She spends a lot of time in her food bowl and pecks a lot, when I watch her I can see she eats some bigger seeds but most of the time when I feel her crop it is empty, occasionally there is a little bit of food. She used to at least eat well every evening. Now after these roni plus tabs she is not eating anything...


----------



## SilverFeral (Dec 15, 2015)

Also how long does she have to take furazolidone and how long metronidazole. I have a feeling her liver can not take much more nor her kidneys. I am afraid the medications themselves might kill her. Again her polyuria is lasting from 11th February and also after I stopped roni tab the leg stopped urting her and in 24h it was like nothing happened.

Her watery poop begain on 11th of February. That is a long time. I am now afraid PMV is the only cause of kidney damage and water in poop, so if I just pump in medications I am making thing worse. Cocci would kill her if it lasted for so long? What do you think?


----------



## Jay3 (May 4, 2008)

You are giving the poor thing drugs when you don't know what the problem is. Can't keep doing that. If treating for canker with Metro, you would treat from 7 to 10 days, but you don't know that the bird has canker. You don't know that there is kidney damage either. I would stop the meds for now and just wait and see how she does. Giving the bird probiotics to help its gut bacteria would be a very good idea, and stop all the drugs for now. You are going to do more damage than good.


----------



## AndreiS (Jul 28, 2013)

> I gave her acv water but the problem now is that she drinks very little, almost nothing, and she keeps doing this during most of the day.
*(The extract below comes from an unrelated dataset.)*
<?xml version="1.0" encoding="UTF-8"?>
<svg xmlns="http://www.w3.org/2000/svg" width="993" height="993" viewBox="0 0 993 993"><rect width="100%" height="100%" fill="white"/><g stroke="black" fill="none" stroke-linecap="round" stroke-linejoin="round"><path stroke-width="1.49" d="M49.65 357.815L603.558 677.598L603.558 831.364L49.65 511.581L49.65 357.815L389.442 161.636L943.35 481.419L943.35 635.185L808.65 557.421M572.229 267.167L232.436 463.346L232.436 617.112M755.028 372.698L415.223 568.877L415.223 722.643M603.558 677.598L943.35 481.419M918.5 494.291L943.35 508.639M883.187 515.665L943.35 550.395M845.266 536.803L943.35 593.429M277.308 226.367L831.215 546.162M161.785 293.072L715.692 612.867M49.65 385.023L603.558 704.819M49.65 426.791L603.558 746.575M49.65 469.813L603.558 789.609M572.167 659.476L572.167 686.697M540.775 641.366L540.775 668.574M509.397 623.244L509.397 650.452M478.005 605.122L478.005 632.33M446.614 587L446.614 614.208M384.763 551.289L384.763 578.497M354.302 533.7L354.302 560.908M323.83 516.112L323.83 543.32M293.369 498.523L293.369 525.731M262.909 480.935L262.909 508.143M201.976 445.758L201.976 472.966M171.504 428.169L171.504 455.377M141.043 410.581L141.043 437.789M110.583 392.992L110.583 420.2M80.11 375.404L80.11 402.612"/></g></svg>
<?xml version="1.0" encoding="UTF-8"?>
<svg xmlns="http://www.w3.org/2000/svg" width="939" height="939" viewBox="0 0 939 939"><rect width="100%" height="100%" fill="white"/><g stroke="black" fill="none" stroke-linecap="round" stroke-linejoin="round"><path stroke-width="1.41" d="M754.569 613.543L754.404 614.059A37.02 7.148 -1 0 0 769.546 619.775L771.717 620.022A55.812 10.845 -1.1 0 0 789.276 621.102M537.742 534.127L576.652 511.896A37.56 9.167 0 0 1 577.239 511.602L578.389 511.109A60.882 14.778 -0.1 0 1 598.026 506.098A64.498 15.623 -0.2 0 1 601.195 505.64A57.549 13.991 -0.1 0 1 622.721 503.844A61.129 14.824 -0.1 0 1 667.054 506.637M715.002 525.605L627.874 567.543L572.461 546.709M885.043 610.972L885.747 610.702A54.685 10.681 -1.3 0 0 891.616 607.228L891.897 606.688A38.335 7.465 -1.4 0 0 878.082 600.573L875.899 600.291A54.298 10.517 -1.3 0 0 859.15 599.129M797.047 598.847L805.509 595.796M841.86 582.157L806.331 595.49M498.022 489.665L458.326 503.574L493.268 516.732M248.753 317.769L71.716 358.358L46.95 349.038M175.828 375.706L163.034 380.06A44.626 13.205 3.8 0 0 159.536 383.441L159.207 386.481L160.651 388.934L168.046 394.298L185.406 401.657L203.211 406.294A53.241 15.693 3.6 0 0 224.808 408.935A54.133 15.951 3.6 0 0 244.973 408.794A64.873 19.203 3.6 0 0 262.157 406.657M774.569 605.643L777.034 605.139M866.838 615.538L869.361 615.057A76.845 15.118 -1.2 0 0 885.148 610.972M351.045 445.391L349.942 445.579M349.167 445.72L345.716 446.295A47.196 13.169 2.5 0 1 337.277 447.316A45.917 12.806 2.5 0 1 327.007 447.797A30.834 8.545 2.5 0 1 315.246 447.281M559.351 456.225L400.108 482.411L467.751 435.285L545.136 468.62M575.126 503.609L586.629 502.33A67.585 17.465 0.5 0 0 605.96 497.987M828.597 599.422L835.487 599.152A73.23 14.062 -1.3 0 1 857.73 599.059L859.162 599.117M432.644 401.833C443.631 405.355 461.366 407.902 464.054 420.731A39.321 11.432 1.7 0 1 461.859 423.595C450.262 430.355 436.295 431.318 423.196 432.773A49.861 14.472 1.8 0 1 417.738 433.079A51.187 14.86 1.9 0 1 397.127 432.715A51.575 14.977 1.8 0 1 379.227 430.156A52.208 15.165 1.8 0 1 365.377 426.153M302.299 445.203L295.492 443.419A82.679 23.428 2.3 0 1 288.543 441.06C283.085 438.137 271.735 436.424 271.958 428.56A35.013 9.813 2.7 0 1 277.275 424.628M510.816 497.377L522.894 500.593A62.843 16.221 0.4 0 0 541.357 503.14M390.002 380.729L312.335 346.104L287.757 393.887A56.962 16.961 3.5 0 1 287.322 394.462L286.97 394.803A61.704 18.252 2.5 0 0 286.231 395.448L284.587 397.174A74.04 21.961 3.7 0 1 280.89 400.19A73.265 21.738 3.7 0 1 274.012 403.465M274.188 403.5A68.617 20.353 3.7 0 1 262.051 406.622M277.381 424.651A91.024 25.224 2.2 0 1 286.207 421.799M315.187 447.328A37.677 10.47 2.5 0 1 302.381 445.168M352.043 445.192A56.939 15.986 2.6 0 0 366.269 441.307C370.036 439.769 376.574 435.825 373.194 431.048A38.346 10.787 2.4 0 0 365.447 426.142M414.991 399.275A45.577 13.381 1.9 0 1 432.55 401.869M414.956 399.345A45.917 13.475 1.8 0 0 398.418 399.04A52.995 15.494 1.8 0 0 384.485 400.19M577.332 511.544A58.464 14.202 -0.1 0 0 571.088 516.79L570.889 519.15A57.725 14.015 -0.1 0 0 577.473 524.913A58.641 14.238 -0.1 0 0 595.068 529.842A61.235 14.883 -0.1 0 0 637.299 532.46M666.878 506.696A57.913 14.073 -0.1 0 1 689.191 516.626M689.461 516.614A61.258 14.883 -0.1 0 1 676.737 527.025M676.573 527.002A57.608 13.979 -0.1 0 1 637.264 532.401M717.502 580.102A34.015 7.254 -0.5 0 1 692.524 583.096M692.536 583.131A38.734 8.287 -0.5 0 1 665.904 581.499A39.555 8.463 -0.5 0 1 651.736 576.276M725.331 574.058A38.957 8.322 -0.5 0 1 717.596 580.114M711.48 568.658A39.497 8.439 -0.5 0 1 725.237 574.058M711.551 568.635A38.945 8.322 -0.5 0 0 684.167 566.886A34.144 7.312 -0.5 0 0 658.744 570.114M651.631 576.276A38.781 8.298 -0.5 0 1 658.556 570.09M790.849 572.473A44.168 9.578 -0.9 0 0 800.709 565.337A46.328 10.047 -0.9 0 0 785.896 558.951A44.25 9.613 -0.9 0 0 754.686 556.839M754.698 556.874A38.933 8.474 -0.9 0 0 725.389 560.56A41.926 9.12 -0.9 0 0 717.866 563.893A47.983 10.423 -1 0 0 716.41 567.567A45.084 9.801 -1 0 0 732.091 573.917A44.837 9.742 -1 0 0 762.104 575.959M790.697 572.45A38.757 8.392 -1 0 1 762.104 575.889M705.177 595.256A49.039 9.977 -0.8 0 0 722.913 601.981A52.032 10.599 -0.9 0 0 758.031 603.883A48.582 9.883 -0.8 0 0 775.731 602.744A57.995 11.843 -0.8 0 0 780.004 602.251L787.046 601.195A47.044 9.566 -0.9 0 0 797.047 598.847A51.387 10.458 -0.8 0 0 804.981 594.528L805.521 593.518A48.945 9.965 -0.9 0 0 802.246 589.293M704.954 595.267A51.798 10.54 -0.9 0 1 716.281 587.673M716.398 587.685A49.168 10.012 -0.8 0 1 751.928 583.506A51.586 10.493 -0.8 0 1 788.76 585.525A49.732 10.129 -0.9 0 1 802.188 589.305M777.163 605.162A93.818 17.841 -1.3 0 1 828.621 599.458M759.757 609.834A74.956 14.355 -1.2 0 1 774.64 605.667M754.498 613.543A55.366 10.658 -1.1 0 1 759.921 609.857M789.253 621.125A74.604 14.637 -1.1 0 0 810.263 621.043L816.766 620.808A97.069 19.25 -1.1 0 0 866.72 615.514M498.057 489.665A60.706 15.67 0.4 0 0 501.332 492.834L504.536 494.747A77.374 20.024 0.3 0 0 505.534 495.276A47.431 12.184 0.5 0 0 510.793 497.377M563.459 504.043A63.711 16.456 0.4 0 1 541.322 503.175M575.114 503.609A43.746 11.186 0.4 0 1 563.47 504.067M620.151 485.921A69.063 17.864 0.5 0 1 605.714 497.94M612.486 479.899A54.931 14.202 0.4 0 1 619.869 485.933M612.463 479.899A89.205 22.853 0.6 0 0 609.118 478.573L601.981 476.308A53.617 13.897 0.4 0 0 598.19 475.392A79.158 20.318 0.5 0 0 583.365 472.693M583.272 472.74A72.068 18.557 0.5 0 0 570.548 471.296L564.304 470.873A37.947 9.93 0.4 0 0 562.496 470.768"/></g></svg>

This happens with our without acv water. But she has a lot of water in her poop with no change for the better so now I am afraid he will dehydrate. I gave her electrolytes yesterday and she was drinking a bit better but the water in poop is now 3x more.


 Puting only some dmall amount of acv in water or letting the bird drink soured water if she wants will not help. *The solution must almost give a feeling of burning your throat, like when you drink high grade alcohol* and must be given it using the crop feeding method. 

Believe me, I saw this working tens of times if done correctly, even with severe cases.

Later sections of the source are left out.